## EXERCISE DESCRIPTION:
Only the lines below starting at the one containing "#44=EDGE_LOOP('',(#43));" and ending at the one containing "#63=ORIENTED_EDGE('',*,*,#62,.T.);" belong in the answer, each copied exactly.

## EXTRACTED MATERIAL:
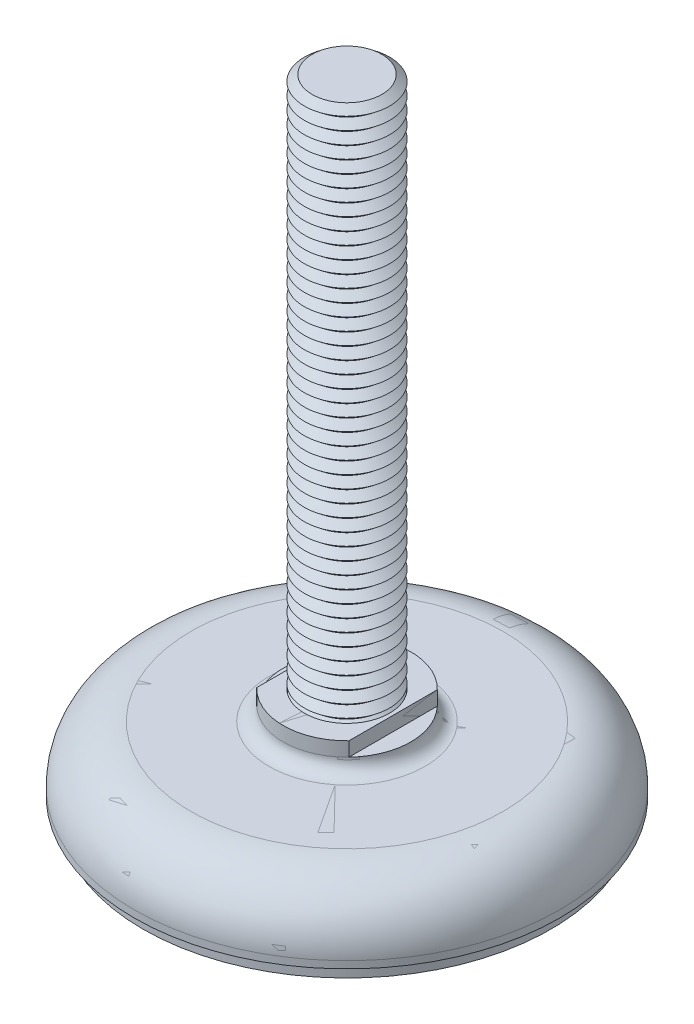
ISO-10303-21;
HEADER;
FILE_DESCRIPTION(('STEP AP214'),'2;1');
FILE_NAME('part.step','',(''),(''),'','','');
FILE_SCHEMA(('AUTOMOTIVE_DESIGN { 1 0 10303 214 1 1 1 1 }'));
ENDSEC;
DATA;
#1=APPLICATION_CONTEXT('core data for automotive mechanical design processes');
#2=APPLICATION_PROTOCOL_DEFINITION('international standard','automotive_design',2000,#1);
#3=PRODUCT_CONTEXT('',#1,'mechanical');
#4=PRODUCT('Part','Part','',(#3));
#5=PRODUCT_RELATED_PRODUCT_CATEGORY('part','',(#4));
#6=PRODUCT_DEFINITION_FORMATION('','',#4);
#7=PRODUCT_DEFINITION_CONTEXT('part definition',#1,'design');
#8=PRODUCT_DEFINITION('design','',#6,#7);
#9=PRODUCT_DEFINITION_SHAPE('','',#8);
#10=(LENGTH_UNIT() NAMED_UNIT(*) SI_UNIT(.MILLI.,.METRE.));
#11=(NAMED_UNIT(*) PLANE_ANGLE_UNIT() SI_UNIT($,.RADIAN.));
#12=(NAMED_UNIT(*) SI_UNIT($,.STERADIAN.) SOLID_ANGLE_UNIT());
#13=UNCERTAINTY_MEASURE_WITH_UNIT(LENGTH_MEASURE(1.E-05),#10,'distance_accuracy_value','');
#14=(GEOMETRIC_REPRESENTATION_CONTEXT(3) GLOBAL_UNCERTAINTY_ASSIGNED_CONTEXT((#13)) GLOBAL_UNIT_ASSIGNED_CONTEXT((#10,
#11,#12)) REPRESENTATION_CONTEXT('',''));
#15=CARTESIAN_POINT('',(0.,0.,0.));
#16=DIRECTION('',(0.,0.,1.));
#17=DIRECTION('',(1.,0.,0.));
#18=AXIS2_PLACEMENT_3D('',#15,#16,#17);
#19=CARTESIAN_POINT('',(0.,85.25,0.));
#20=DIRECTION('',(0.,-1.,0.));
#21=DIRECTION('',(0.998136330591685,0.,-0.0610234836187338));
#22=AXIS2_PLACEMENT_3D('',#19,#20,#21);
#23=CONICAL_SURFACE('',#22,4.90712535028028,0.895664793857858);
#24=CARTESIAN_POINT('',(0.,84.375,0.));
#25=DIRECTION('',(0.,-1.,0.));
#26=DIRECTION('',(0.998136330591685,0.,-0.0610234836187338));
#27=AXIS2_PLACEMENT_3D('',#24,#25,#26);
#28=CIRCLE('',#27,6.);
#29=CARTESIAN_POINT('',(5.98881798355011,84.375,-0.366140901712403));
#30=VERTEX_POINT('',#29);
#31=EDGE_CURVE('P0_E37',#30,#30,#28,.T.);
#32=ORIENTED_EDGE('',*,*,#31,.F.);
#33=EDGE_LOOP('',(#32));
#34=FACE_BOUND('',#33,.T.);
#35=CARTESIAN_POINT('',(0.,85.25,0.));
#36=DIRECTION('',(0.,-1.,0.));
#37=DIRECTION('',(0.998136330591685,0.,-0.0610234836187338));
#38=AXIS2_PLACEMENT_3D('',#35,#36,#37);
#39=CIRCLE('',#38,4.90712535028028);
#40=CARTESIAN_POINT('',(4.8979800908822,85.25,-0.299449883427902));
#41=VERTEX_POINT('',#40);
#42=EDGE_CURVE('P0_E25',#41,#41,#39,.T.);
#43=ORIENTED_EDGE('',*,*,#42,.T.);
#44=EDGE_LOOP('',(#43));
#45=FACE_BOUND('',#44,.T.);
#46=ADVANCED_FACE('P0_F14',(#34,#45),#23,.T.);
#47=CARTESIAN_POINT('',(0.,86.125,0.));
#48=DIRECTION('',(0.,1.,0.));
#49=DIRECTION('',(-0.998136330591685,0.,0.0610234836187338));
#50=AXIS2_PLACEMENT_3D('',#47,#48,#49);
#51=CONICAL_SURFACE('',#50,6.,0.895664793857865);
#52=ORIENTED_EDGE('',*,*,#42,.F.);
#53=EDGE_LOOP('',(#52));
#54=FACE_BOUND('',#53,.T.);
#55=CARTESIAN_POINT('',(0.,86.125,0.));
#56=DIRECTION('',(0.,-1.,0.));
#57=DIRECTION('',(0.998136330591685,0.,-0.0610234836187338));
#58=AXIS2_PLACEMENT_3D('',#55,#56,#57);
#59=CIRCLE('',#58,6.);
#60=CARTESIAN_POINT('',(5.98881798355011,86.125,-0.366140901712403));
#61=VERTEX_POINT('',#60);
#62=EDGE_CURVE('P0_E29',#61,#61,#59,.T.);
#63=ORIENTED_EDGE('',*,*,#62,.T.);
#64=EDGE_LOOP('',(#63));
#65=FACE_BOUND('',#64,.T.);
#66=ADVANCED_FACE('P0_F853',(#54,#65),#51,.T.);
#67=CARTESIAN_POINT('',(0.,87.,0.));
#68=DIRECTION('',(0.,1.,0.));
#69=DIRECTION('',(-0.998136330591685,0.,0.0610234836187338));
#70=AXIS2_PLACEMENT_3D('',#67,#68,#69);
#71=PLANE('',#70);
#72=CARTESIAN_POINT('',(0.,87.,0.));
#73=DIRECTION('',(0.,-1.,0.));
#74=DIRECTION('',(0.998136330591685,0.,-0.0610234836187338));
#75=AXIS2_PLACEMENT_3D('',#72,#73,#74);
#76=CIRCLE('',#75,4.90712535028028);
#77=CARTESIAN_POINT('',(4.8979800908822,87.,-0.299449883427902));
#78=VERTEX_POINT('',#77);
#79=EDGE_CURVE('P0_E21',#78,#78,#76,.T.);
#80=ORIENTED_EDGE('',*,*,#79,.F.);
#81=EDGE_LOOP('',(#80));
#82=FACE_BOUND('',#81,.T.);
#83=ADVANCED_FACE('P0_F859',(#82),#71,.T.);
#84=CARTESIAN_POINT('',(0.,87.,0.));
#85=DIRECTION('',(0.,-1.,0.));
#86=DIRECTION('',(0.998136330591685,0.,-0.0610234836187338));
#87=AXIS2_PLACEMENT_3D('',#84,#85,#86);
#88=CONICAL_SURFACE('',#87,4.90712535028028,0.895664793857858);
#89=ORIENTED_EDGE('',*,*,#62,.F.);
#90=EDGE_LOOP('',(#89));
#91=FACE_BOUND('',#90,.T.);
#92=ORIENTED_EDGE('',*,*,#79,.T.);
#93=EDGE_LOOP('',(#92));
#94=FACE_BOUND('',#93,.T.);
#95=ADVANCED_FACE('P0_F842',(#91,#94),#88,.T.);
#96=CARTESIAN_POINT('',(0.,83.5,0.));
#97=DIRECTION('',(0.,-1.,0.));
#98=DIRECTION('',(0.998136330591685,0.,-0.0610234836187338));
#99=AXIS2_PLACEMENT_3D('',#96,#97,#98);
#100=CONICAL_SURFACE('',#99,4.90712535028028,0.895664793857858);
#101=CARTESIAN_POINT('',(0.,82.625,0.));
#102=DIRECTION('',(0.,-1.,0.));
#103=DIRECTION('',(0.998136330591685,0.,-0.0610234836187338));
#104=AXIS2_PLACEMENT_3D('',#101,#102,#103);
#105=CIRCLE('',#104,6.);
#106=CARTESIAN_POINT('',(5.98881798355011,82.625,-0.366140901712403));
#107=VERTEX_POINT('',#106);
#108=EDGE_CURVE('P0_E43',#107,#107,#105,.T.);
#109=ORIENTED_EDGE('',*,*,#108,.F.);
#110=EDGE_LOOP('',(#109));
#111=FACE_BOUND('',#110,.T.);
#112=CARTESIAN_POINT('',(0.,83.5,0.));
#113=DIRECTION('',(0.,-1.,0.));
#114=DIRECTION('',(0.998136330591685,0.,-0.0610234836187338));
#115=AXIS2_PLACEMENT_3D('',#112,#113,#114);
#116=CIRCLE('',#115,4.90712535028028);
#117=CARTESIAN_POINT('',(4.8979800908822,83.5,-0.299449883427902));
#118=VERTEX_POINT('',#117);
#119=EDGE_CURVE('P0_E34',#118,#118,#116,.T.);
#120=ORIENTED_EDGE('',*,*,#119,.T.);
#121=EDGE_LOOP('',(#120));
#122=FACE_BOUND('',#121,.T.);
#123=ADVANCED_FACE('P0_F839',(#111,#122),#100,.T.);
#124=CARTESIAN_POINT('',(0.,84.375,0.));
#125=DIRECTION('',(0.,1.,0.));
#126=DIRECTION('',(-0.998136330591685,0.,0.0610234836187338));
#127=AXIS2_PLACEMENT_3D('',#124,#125,#126);
#128=CONICAL_SURFACE('',#127,6.,0.895664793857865);
#129=ORIENTED_EDGE('',*,*,#119,.F.);
#130=EDGE_LOOP('',(#129));
#131=FACE_BOUND('',#130,.T.);
#132=ORIENTED_EDGE('',*,*,#31,.T.);
#133=EDGE_LOOP('',(#132));
#134=FACE_BOUND('',#133,.T.);
#135=ADVANCED_FACE('P0_F830',(#131,#134),#128,.T.);
#136=CARTESIAN_POINT('',(0.,81.75,0.));
#137=DIRECTION('',(0.,-1.,0.));
#138=DIRECTION('',(0.998136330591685,0.,-0.0610234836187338));
#139=AXIS2_PLACEMENT_3D('',#136,#137,#138);
#140=CONICAL_SURFACE('',#139,4.90712535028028,0.895664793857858);
#141=CARTESIAN_POINT('',(0.,80.875,0.));
#142=DIRECTION('',(0.,-1.,0.));
#143=DIRECTION('',(0.998136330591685,0.,-0.0610234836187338));
#144=AXIS2_PLACEMENT_3D('',#141,#142,#143);
#145=CIRCLE('',#144,6.);
#146=CARTESIAN_POINT('',(5.98881798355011,80.875,-0.366140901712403));
#147=VERTEX_POINT('',#146);
#148=EDGE_CURVE('P0_E49',#147,#147,#145,.T.);
#149=ORIENTED_EDGE('',*,*,#148,.F.);
#150=EDGE_LOOP('',(#149));
#151=FACE_BOUND('',#150,.T.);
#152=CARTESIAN_POINT('',(0.,81.75,0.));
#153=DIRECTION('',(0.,-1.,0.));
#154=DIRECTION('',(0.998136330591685,0.,-0.0610234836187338));
#155=AXIS2_PLACEMENT_3D('',#152,#153,#154);
#156=CIRCLE('',#155,4.90712535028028);
#157=CARTESIAN_POINT('',(4.8979800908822,81.75,-0.299449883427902));
#158=VERTEX_POINT('',#157);
#159=EDGE_CURVE('P0_E40',#158,#158,#156,.T.);
#160=ORIENTED_EDGE('',*,*,#159,.T.);
#161=EDGE_LOOP('',(#160));
#162=FACE_BOUND('',#161,.T.);
#163=ADVANCED_FACE('P0_F827',(#151,#162),#140,.T.);
#164=CARTESIAN_POINT('',(0.,82.625,0.));
#165=DIRECTION('',(0.,1.,0.));
#166=DIRECTION('',(-0.998136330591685,0.,0.0610234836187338));
#167=AXIS2_PLACEMENT_3D('',#164,#165,#166);
#168=CONICAL_SURFACE('',#167,6.,0.895664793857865);
#169=ORIENTED_EDGE('',*,*,#159,.F.);
#170=EDGE_LOOP('',(#169));
#171=FACE_BOUND('',#170,.T.);
#172=ORIENTED_EDGE('',*,*,#108,.T.);
#173=EDGE_LOOP('',(#172));
#174=FACE_BOUND('',#173,.T.);
#175=ADVANCED_FACE('P0_F818',(#171,#174),#168,.T.);
#176=CARTESIAN_POINT('',(0.,80.,0.));
#177=DIRECTION('',(0.,-1.,0.));
#178=DIRECTION('',(0.998136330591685,0.,-0.0610234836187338));
#179=AXIS2_PLACEMENT_3D('',#176,#177,#178);
#180=CONICAL_SURFACE('',#179,4.90712535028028,0.895664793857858);
#181=CARTESIAN_POINT('',(0.,79.125,0.));
#182=DIRECTION('',(0.,-1.,0.));
#183=DIRECTION('',(0.998136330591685,0.,-0.0610234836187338));
#184=AXIS2_PLACEMENT_3D('',#181,#182,#183);
#185=CIRCLE('',#184,6.);
#186=CARTESIAN_POINT('',(5.98881798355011,79.125,-0.366140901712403));
#187=VERTEX_POINT('',#186);
#188=EDGE_CURVE('P0_E55',#187,#187,#185,.T.);
#189=ORIENTED_EDGE('',*,*,#188,.F.);
#190=EDGE_LOOP('',(#189));
#191=FACE_BOUND('',#190,.T.);
#192=CARTESIAN_POINT('',(0.,80.,0.));
#193=DIRECTION('',(0.,-1.,0.));
#194=DIRECTION('',(0.998136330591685,0.,-0.0610234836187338));
#195=AXIS2_PLACEMENT_3D('',#192,#193,#194);
#196=CIRCLE('',#195,4.90712535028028);
#197=CARTESIAN_POINT('',(4.8979800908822,80.,-0.299449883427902));
#198=VERTEX_POINT('',#197);
#199=EDGE_CURVE('P0_E46',#198,#198,#196,.T.);
#200=ORIENTED_EDGE('',*,*,#199,.T.);
#201=EDGE_LOOP('',(#200));
#202=FACE_BOUND('',#201,.T.);
#203=ADVANCED_FACE('P0_F815',(#191,#202),#180,.T.);
#204=CARTESIAN_POINT('',(0.,80.875,0.));
#205=DIRECTION('',(0.,1.,0.));
#206=DIRECTION('',(-0.998136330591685,0.,0.0610234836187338));
#207=AXIS2_PLACEMENT_3D('',#204,#205,#206);
#208=CONICAL_SURFACE('',#207,6.,0.895664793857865);
#209=ORIENTED_EDGE('',*,*,#199,.F.);
#210=EDGE_LOOP('',(#209));
#211=FACE_BOUND('',#210,.T.);
#212=ORIENTED_EDGE('',*,*,#148,.T.);
#213=EDGE_LOOP('',(#212));
#214=FACE_BOUND('',#213,.T.);
#215=ADVANCED_FACE('P0_F806',(#211,#214),#208,.T.);
#216=CARTESIAN_POINT('',(0.,78.25,0.));
#217=DIRECTION('',(0.,-1.,0.));
#218=DIRECTION('',(0.998136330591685,0.,-0.0610234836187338));
#219=AXIS2_PLACEMENT_3D('',#216,#217,#218);
#220=CONICAL_SURFACE('',#219,4.90712535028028,0.895664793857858);
#221=CARTESIAN_POINT('',(0.,77.375,0.));
#222=DIRECTION('',(0.,-1.,0.));
#223=DIRECTION('',(0.998136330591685,0.,-0.0610234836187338));
#224=AXIS2_PLACEMENT_3D('',#221,#222,#223);
#225=CIRCLE('',#224,6.);
#226=CARTESIAN_POINT('',(5.98881798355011,77.375,-0.366140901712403));
#227=VERTEX_POINT('',#226);
#228=EDGE_CURVE('P0_E61',#227,#227,#225,.T.);
#229=ORIENTED_EDGE('',*,*,#228,.F.);
#230=EDGE_LOOP('',(#229));
#231=FACE_BOUND('',#230,.T.);
#232=CARTESIAN_POINT('',(0.,78.25,0.));
#233=DIRECTION('',(0.,-1.,0.));
#234=DIRECTION('',(0.998136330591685,0.,-0.0610234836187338));
#235=AXIS2_PLACEMENT_3D('',#232,#233,#234);
#236=CIRCLE('',#235,4.90712535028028);
#237=CARTESIAN_POINT('',(4.8979800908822,78.25,-0.299449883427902));
#238=VERTEX_POINT('',#237);
#239=EDGE_CURVE('P0_E52',#238,#238,#236,.T.);
#240=ORIENTED_EDGE('',*,*,#239,.T.);
#241=EDGE_LOOP('',(#240));
#242=FACE_BOUND('',#241,.T.);
#243=ADVANCED_FACE('P0_F803',(#231,#242),#220,.T.);
#244=CARTESIAN_POINT('',(0.,79.125,0.));
#245=DIRECTION('',(0.,1.,0.));
#246=DIRECTION('',(-0.998136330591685,0.,0.0610234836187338));
#247=AXIS2_PLACEMENT_3D('',#244,#245,#246);
#248=CONICAL_SURFACE('',#247,6.,0.895664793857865);
#249=ORIENTED_EDGE('',*,*,#239,.F.);
#250=EDGE_LOOP('',(#249));
#251=FACE_BOUND('',#250,.T.);
#252=ORIENTED_EDGE('',*,*,#188,.T.);
#253=EDGE_LOOP('',(#252));
#254=FACE_BOUND('',#253,.T.);
#255=ADVANCED_FACE('P0_F794',(#251,#254),#248,.T.);
#256=CARTESIAN_POINT('',(0.,76.5,0.));
#257=DIRECTION('',(0.,-1.,0.));
#258=DIRECTION('',(0.998136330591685,0.,-0.0610234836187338));
#259=AXIS2_PLACEMENT_3D('',#256,#257,#258);
#260=CONICAL_SURFACE('',#259,4.90712535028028,0.895664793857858);
#261=CARTESIAN_POINT('',(0.,75.625,0.));
#262=DIRECTION('',(0.,-1.,0.));
#263=DIRECTION('',(0.998136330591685,0.,-0.0610234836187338));
#264=AXIS2_PLACEMENT_3D('',#261,#262,#263);
#265=CIRCLE('',#264,6.);
#266=CARTESIAN_POINT('',(5.98881798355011,75.625,-0.366140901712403));
#267=VERTEX_POINT('',#266);
#268=EDGE_CURVE('P0_E67',#267,#267,#265,.T.);
#269=ORIENTED_EDGE('',*,*,#268,.F.);
#270=EDGE_LOOP('',(#269));
#271=FACE_BOUND('',#270,.T.);
#272=CARTESIAN_POINT('',(0.,76.5,0.));
#273=DIRECTION('',(0.,-1.,0.));
#274=DIRECTION('',(0.998136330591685,0.,-0.0610234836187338));
#275=AXIS2_PLACEMENT_3D('',#272,#273,#274);
#276=CIRCLE('',#275,4.90712535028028);
#277=CARTESIAN_POINT('',(4.8979800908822,76.5,-0.299449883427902));
#278=VERTEX_POINT('',#277);
#279=EDGE_CURVE('P0_E58',#278,#278,#276,.T.);
#280=ORIENTED_EDGE('',*,*,#279,.T.);
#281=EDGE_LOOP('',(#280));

## YOUR RESPONSE:
#44=EDGE_LOOP('',(#43));
#45=FACE_BOUND('',#44,.T.);
#46=ADVANCED_FACE('P0_F14',(#34,#45),#23,.T.);
#47=CARTESIAN_POINT('',(0.,86.125,0.));
#48=DIRECTION('',(0.,1.,0.));
#49=DIRECTION('',(-0.998136330591685,0.,0.0610234836187338));
#50=AXIS2_PLACEMENT_3D('',#47,#48,#49);
#51=CONICAL_SURFACE('',#50,6.,0.895664793857865);
#52=ORIENTED_EDGE('',*,*,#42,.F.);
#53=EDGE_LOOP('',(#52));
#54=FACE_BOUND('',#53,.T.);
#55=CARTESIAN_POINT('',(0.,86.125,0.));
#56=DIRECTION('',(0.,-1.,0.));
#57=DIRECTION('',(0.998136330591685,0.,-0.0610234836187338));
#58=AXIS2_PLACEMENT_3D('',#55,#56,#57);
#59=CIRCLE('',#58,6.);
#60=CARTESIAN_POINT('',(5.98881798355011,86.125,-0.366140901712403));
#61=VERTEX_POINT('',#60);
#62=EDGE_CURVE('P0_E29',#61,#61,#59,.T.);
#63=ORIENTED_EDGE('',*,*,#62,.T.);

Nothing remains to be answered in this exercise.